## Problem:
All of the lines below are to be transcribed faithfully, with pictures excluded from the copy.

### Records shown

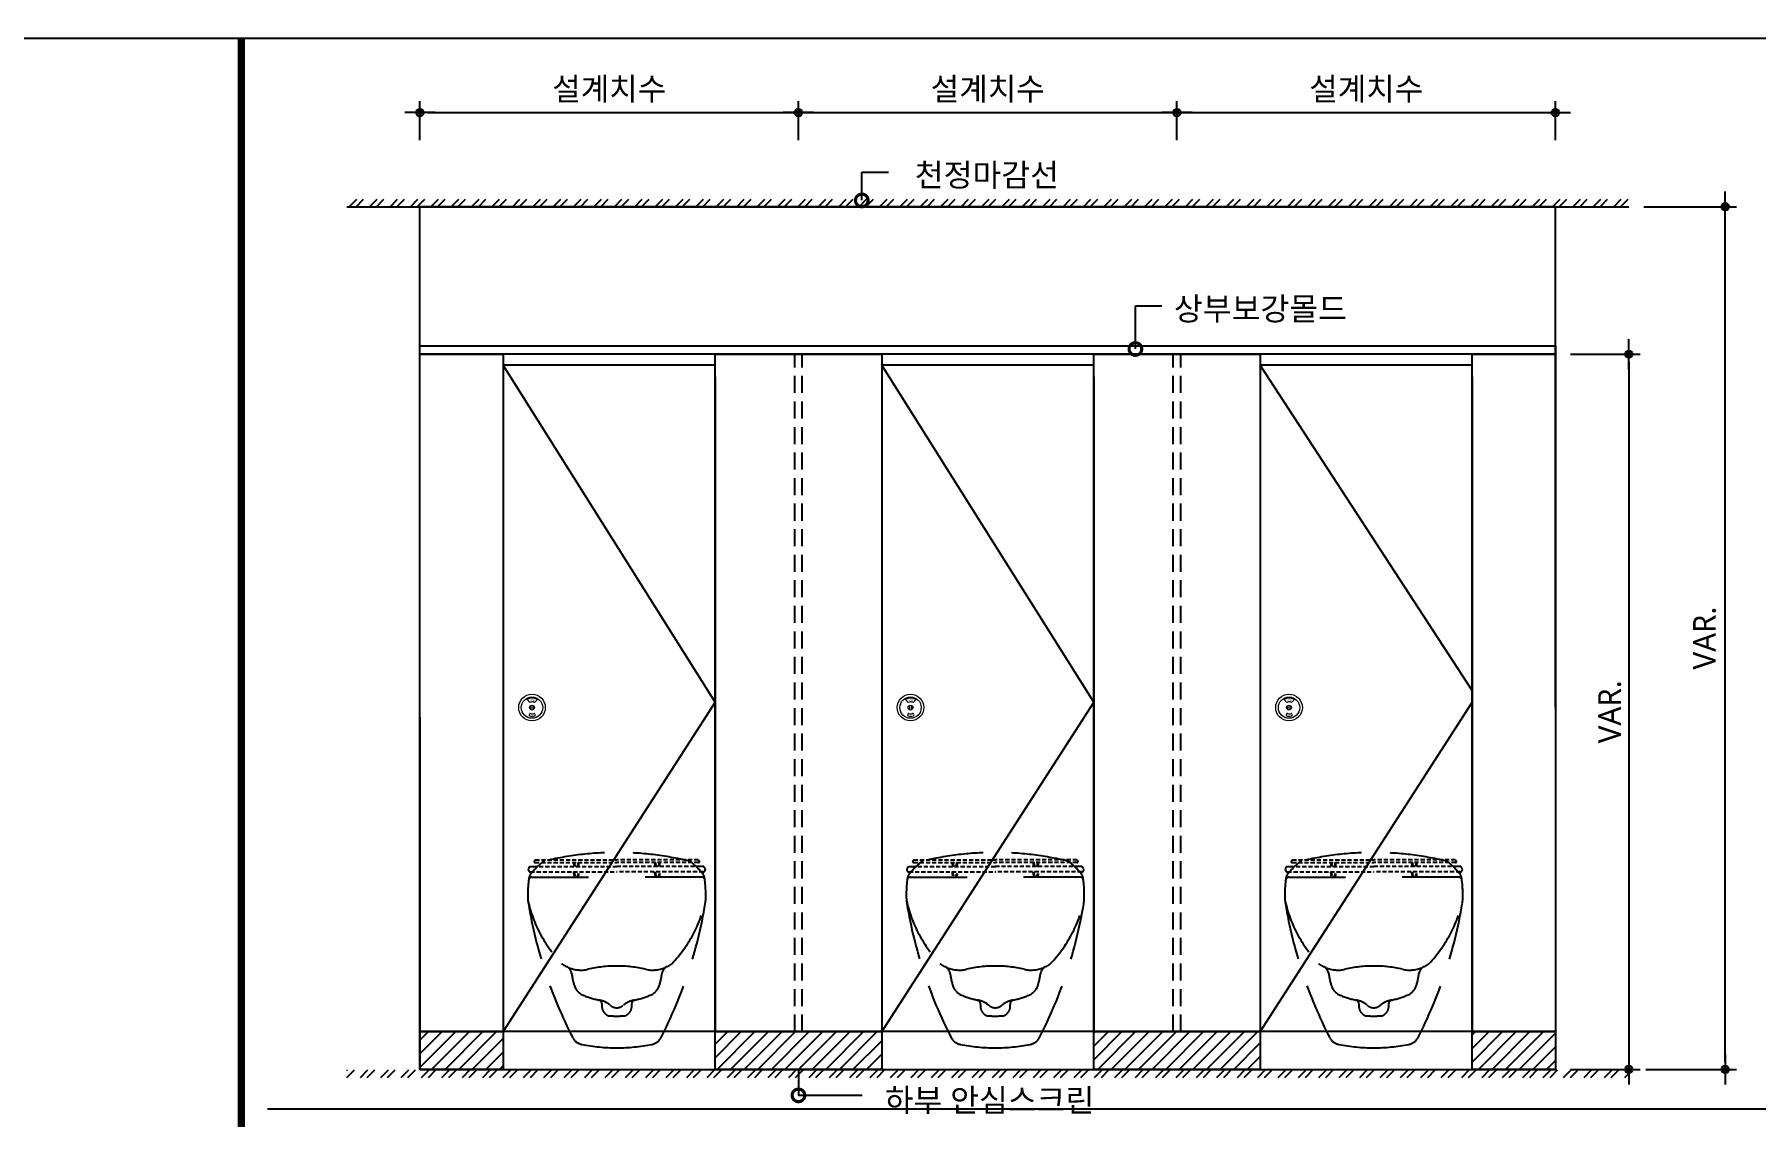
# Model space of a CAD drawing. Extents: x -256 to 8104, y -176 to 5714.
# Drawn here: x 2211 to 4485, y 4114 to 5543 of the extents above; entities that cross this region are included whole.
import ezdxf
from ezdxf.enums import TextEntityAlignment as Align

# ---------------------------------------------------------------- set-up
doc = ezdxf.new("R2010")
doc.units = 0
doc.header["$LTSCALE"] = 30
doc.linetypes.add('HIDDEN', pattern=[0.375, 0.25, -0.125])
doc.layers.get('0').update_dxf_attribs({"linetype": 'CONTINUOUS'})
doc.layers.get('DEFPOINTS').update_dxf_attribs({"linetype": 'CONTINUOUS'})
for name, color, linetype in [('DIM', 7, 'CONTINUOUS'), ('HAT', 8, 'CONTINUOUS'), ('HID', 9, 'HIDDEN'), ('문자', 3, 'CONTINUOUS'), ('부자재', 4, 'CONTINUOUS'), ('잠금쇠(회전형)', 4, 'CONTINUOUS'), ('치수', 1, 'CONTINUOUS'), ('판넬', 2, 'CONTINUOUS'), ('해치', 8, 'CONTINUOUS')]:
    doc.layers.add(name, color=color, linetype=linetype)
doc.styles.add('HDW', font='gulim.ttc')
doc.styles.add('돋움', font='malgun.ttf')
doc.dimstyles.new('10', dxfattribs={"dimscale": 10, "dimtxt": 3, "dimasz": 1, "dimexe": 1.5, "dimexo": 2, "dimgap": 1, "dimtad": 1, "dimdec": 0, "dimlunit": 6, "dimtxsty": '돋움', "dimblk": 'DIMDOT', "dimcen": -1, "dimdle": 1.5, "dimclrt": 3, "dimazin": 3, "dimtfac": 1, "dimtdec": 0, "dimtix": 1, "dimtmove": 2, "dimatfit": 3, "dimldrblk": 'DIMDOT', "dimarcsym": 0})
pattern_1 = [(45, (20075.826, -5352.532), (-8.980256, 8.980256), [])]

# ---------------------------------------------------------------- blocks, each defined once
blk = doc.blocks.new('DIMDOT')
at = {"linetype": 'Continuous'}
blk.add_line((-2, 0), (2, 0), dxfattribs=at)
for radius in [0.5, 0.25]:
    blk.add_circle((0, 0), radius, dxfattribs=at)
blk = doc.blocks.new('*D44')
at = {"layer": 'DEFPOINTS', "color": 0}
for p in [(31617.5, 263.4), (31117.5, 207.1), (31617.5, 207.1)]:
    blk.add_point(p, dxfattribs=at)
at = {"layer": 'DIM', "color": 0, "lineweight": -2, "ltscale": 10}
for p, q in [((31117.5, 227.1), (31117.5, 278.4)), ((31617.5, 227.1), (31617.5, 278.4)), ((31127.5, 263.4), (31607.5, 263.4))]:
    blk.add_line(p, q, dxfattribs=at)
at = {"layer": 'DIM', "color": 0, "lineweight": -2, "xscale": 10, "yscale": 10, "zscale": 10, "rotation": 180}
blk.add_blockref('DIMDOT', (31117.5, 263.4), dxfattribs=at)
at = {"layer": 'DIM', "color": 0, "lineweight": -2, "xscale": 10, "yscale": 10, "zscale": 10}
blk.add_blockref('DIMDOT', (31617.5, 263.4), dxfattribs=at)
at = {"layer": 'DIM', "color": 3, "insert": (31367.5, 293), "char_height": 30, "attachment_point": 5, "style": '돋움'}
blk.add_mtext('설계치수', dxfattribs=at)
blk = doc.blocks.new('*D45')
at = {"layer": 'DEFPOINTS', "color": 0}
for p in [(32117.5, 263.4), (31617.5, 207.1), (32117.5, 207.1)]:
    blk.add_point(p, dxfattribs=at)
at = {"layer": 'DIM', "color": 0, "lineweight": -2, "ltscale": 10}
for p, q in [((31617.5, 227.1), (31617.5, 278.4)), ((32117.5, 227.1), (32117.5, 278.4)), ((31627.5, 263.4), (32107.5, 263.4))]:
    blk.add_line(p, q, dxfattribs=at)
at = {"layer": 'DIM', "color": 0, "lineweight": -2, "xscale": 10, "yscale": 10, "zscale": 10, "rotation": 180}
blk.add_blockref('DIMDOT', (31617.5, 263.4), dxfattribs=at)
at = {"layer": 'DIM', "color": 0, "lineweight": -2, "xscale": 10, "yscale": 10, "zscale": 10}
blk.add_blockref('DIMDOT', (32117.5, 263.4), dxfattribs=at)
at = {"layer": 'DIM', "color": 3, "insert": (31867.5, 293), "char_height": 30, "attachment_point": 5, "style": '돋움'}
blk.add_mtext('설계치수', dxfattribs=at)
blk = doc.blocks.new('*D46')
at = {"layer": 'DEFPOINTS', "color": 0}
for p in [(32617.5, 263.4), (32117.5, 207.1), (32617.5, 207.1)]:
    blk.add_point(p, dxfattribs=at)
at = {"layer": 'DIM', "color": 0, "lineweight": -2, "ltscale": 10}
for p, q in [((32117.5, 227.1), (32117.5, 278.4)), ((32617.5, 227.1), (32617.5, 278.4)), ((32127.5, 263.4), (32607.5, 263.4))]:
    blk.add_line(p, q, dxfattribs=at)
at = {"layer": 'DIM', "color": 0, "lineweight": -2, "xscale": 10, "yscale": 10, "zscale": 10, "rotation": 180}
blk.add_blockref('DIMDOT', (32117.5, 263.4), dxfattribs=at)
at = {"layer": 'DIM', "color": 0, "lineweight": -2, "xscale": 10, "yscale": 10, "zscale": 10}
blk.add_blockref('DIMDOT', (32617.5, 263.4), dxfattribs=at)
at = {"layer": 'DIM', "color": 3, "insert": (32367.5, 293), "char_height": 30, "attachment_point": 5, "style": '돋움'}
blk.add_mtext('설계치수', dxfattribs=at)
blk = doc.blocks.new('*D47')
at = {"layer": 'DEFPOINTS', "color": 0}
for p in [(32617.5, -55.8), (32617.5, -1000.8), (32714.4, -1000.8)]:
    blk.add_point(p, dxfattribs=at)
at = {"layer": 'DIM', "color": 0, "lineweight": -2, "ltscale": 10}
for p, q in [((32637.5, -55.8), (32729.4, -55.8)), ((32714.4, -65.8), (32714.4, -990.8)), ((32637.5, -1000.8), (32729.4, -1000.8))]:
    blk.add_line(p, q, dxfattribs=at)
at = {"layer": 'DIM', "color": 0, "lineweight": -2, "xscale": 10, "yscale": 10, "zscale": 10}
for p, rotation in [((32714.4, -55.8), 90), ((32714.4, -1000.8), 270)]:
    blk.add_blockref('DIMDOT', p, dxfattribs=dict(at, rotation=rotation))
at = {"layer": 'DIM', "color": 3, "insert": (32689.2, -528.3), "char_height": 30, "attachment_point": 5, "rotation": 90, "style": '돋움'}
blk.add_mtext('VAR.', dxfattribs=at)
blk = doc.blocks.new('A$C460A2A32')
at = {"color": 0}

######

## Answer for the task:
# Model space of a CAD drawing. Extents: x -256 to 8104, y -176 to 5714.
# Drawn here: x 2211 to 4485, y 4114 to 5543 of the extents above; entities that cross this region are included whole.
import ezdxf
from ezdxf.enums import TextEntityAlignment as Align

# ---------------------------------------------------------------- set-up
doc = ezdxf.new("R2010")
doc.units = 0
doc.header["$LTSCALE"] = 30
doc.linetypes.add('HIDDEN', pattern=[0.375, 0.25, -0.125])
doc.layers.get('0').update_dxf_attribs({"linetype": 'CONTINUOUS'})
doc.layers.get('DEFPOINTS').update_dxf_attribs({"linetype": 'CONTINUOUS'})
for name, color, linetype in [('DIM', 7, 'CONTINUOUS'), ('HAT', 8, 'CONTINUOUS'), ('HID', 9, 'HIDDEN'), ('문자', 3, 'CONTINUOUS'), ('부자재', 4, 'CONTINUOUS'), ('잠금쇠(회전형)', 4, 'CONTINUOUS'), ('치수', 1, 'CONTINUOUS'), ('판넬', 2, 'CONTINUOUS'), ('해치', 8, 'CONTINUOUS')]:
    doc.layers.add(name, color=color, linetype=linetype)
doc.styles.add('HDW', font='gulim.ttc')
doc.styles.add('돋움', font='malgun.ttf')
doc.dimstyles.new('10', dxfattribs={"dimscale": 10, "dimtxt": 3, "dimasz": 1, "dimexe": 1.5, "dimexo": 2, "dimgap": 1, "dimtad": 1, "dimdec": 0, "dimlunit": 6, "dimtxsty": '돋움', "dimblk": 'DIMDOT', "dimcen": -1, "dimdle": 1.5, "dimclrt": 3, "dimazin": 3, "dimtfac": 1, "dimtdec": 0, "dimtix": 1, "dimtmove": 2, "dimatfit": 3, "dimldrblk": 'DIMDOT', "dimarcsym": 0})
pattern_1 = [(45, (20075.826, -5352.532), (-8.980256, 8.980256), [])]

# ---------------------------------------------------------------- blocks, each defined once
blk = doc.blocks.new('DIMDOT')
at = {"linetype": 'Continuous'}
blk.add_line((-2, 0), (2, 0), dxfattribs=at)
for radius in [0.5, 0.25]:
    blk.add_circle((0, 0), radius, dxfattribs=at)
blk = doc.blocks.new('*D44')
at = {"layer": 'DEFPOINTS', "color": 0}
for p in [(31617.5, 263.4), (31117.5, 207.1), (31617.5, 207.1)]:
    blk.add_point(p, dxfattribs=at)
at = {"layer": 'DIM', "color": 0, "lineweight": -2, "ltscale": 10}
for p, q in [((31117.5, 227.1), (31117.5, 278.4)), ((31617.5, 227.1), (31617.5, 278.4)), ((31127.5, 263.4), (31607.5, 263.4))]:
    blk.add_line(p, q, dxfattribs=at)
at = {"layer": 'DIM', "color": 0, "lineweight": -2, "xscale": 10, "yscale": 10, "zscale": 10, "rotation": 180}
blk.add_blockref('DIMDOT', (31117.5, 263.4), dxfattribs=at)
at = {"layer": 'DIM', "color": 0, "lineweight": -2, "xscale": 10, "yscale": 10, "zscale": 10}
blk.add_blockref('DIMDOT', (31617.5, 263.4), dxfattribs=at)
at = {"layer": 'DIM', "color": 3, "insert": (31367.5, 293), "char_height": 30, "attachment_point": 5, "style": '돋움'}
blk.add_mtext('설계치수', dxfattribs=at)
blk = doc.blocks.new('*D45')
at = {"layer": 'DEFPOINTS', "color": 0}
for p in [(32117.5, 263.4), (31617.5, 207.1), (32117.5, 207.1)]:
    blk.add_point(p, dxfattribs=at)
at = {"layer": 'DIM', "color": 0, "lineweight": -2, "ltscale": 10}
for p, q in [((31617.5, 227.1), (31617.5, 278.4)), ((32117.5, 227.1), (32117.5, 278.4)), ((31627.5, 263.4), (32107.5, 263.4))]:
    blk.add_line(p, q, dxfattribs=at)
at = {"layer": 'DIM', "color": 0, "lineweight": -2, "xscale": 10, "yscale": 10, "zscale": 10, "rotation": 180}
blk.add_blockref('DIMDOT', (31617.5, 263.4), dxfattribs=at)
at = {"layer": 'DIM', "color": 0, "lineweight": -2, "xscale": 10, "yscale": 10, "zscale": 10}
blk.add_blockref('DIMDOT', (32117.5, 263.4), dxfattribs=at)
at = {"layer": 'DIM', "color": 3, "insert": (31867.5, 293), "char_height": 30, "attachment_point": 5, "style": '돋움'}
blk.add_mtext('설계치수', dxfattribs=at)
blk = doc.blocks.new('*D46')
at = {"layer": 'DEFPOINTS', "color": 0}
for p in [(32617.5, 263.4), (32117.5, 207.1), (32617.5, 207.1)]:
    blk.add_point(p, dxfattribs=at)
at = {"layer": 'DIM', "color": 0, "lineweight": -2, "ltscale": 10}
for p, q in [((32117.5, 227.1), (32117.5, 278.4)), ((32617.5, 227.1), (32617.5, 278.4)), ((32127.5, 263.4), (32607.5, 263.4))]:
    blk.add_line(p, q, dxfattribs=at)
at = {"layer": 'DIM', "color": 0, "lineweight": -2, "xscale": 10, "yscale": 10, "zscale": 10, "rotation": 180}
blk.add_blockref('DIMDOT', (32117.5, 263.4), dxfattribs=at)
at = {"layer": 'DIM', "color": 0, "lineweight": -2, "xscale": 10, "yscale": 10, "zscale": 10}
blk.add_blockref('DIMDOT', (32617.5, 263.4), dxfattribs=at)
at = {"layer": 'DIM', "color": 3, "insert": (32367.5, 293), "char_height": 30, "attachment_point": 5, "style": '돋움'}
blk.add_mtext('설계치수', dxfattribs=at)
blk = doc.blocks.new('*D47')
at = {"layer": 'DEFPOINTS', "color": 0}
for p in [(32617.5, -55.8), (32617.5, -1000.8), (32714.4, -1000.8)]:
    blk.add_point(p, dxfattribs=at)
at = {"layer": 'DIM', "color": 0, "lineweight": -2, "ltscale": 10}
for p, q in [((32637.5, -55.8), (32729.4, -55.8)), ((32714.4, -65.8), (32714.4, -990.8)), ((32637.5, -1000.8), (32729.4, -1000.8))]:
    blk.add_line(p, q, dxfattribs=at)
at = {"layer": 'DIM', "color": 0, "lineweight": -2, "xscale": 10, "yscale": 10, "zscale": 10}
for p, rotation in [((32714.4, -55.8), 90), ((32714.4, -1000.8), 270)]:
    blk.add_blockref('DIMDOT', p, dxfattribs=dict(at, rotation=rotation))
at = {"layer": 'DIM', "color": 3, "insert": (32689.2, -528.3), "char_height": 30, "attachment_point": 5, "rotation": 90, "style": '돋움'}
blk.add_mtext('VAR.', dxfattribs=at)
blk = doc.blocks.new('A$C460A2A32')
at = {"color": 0}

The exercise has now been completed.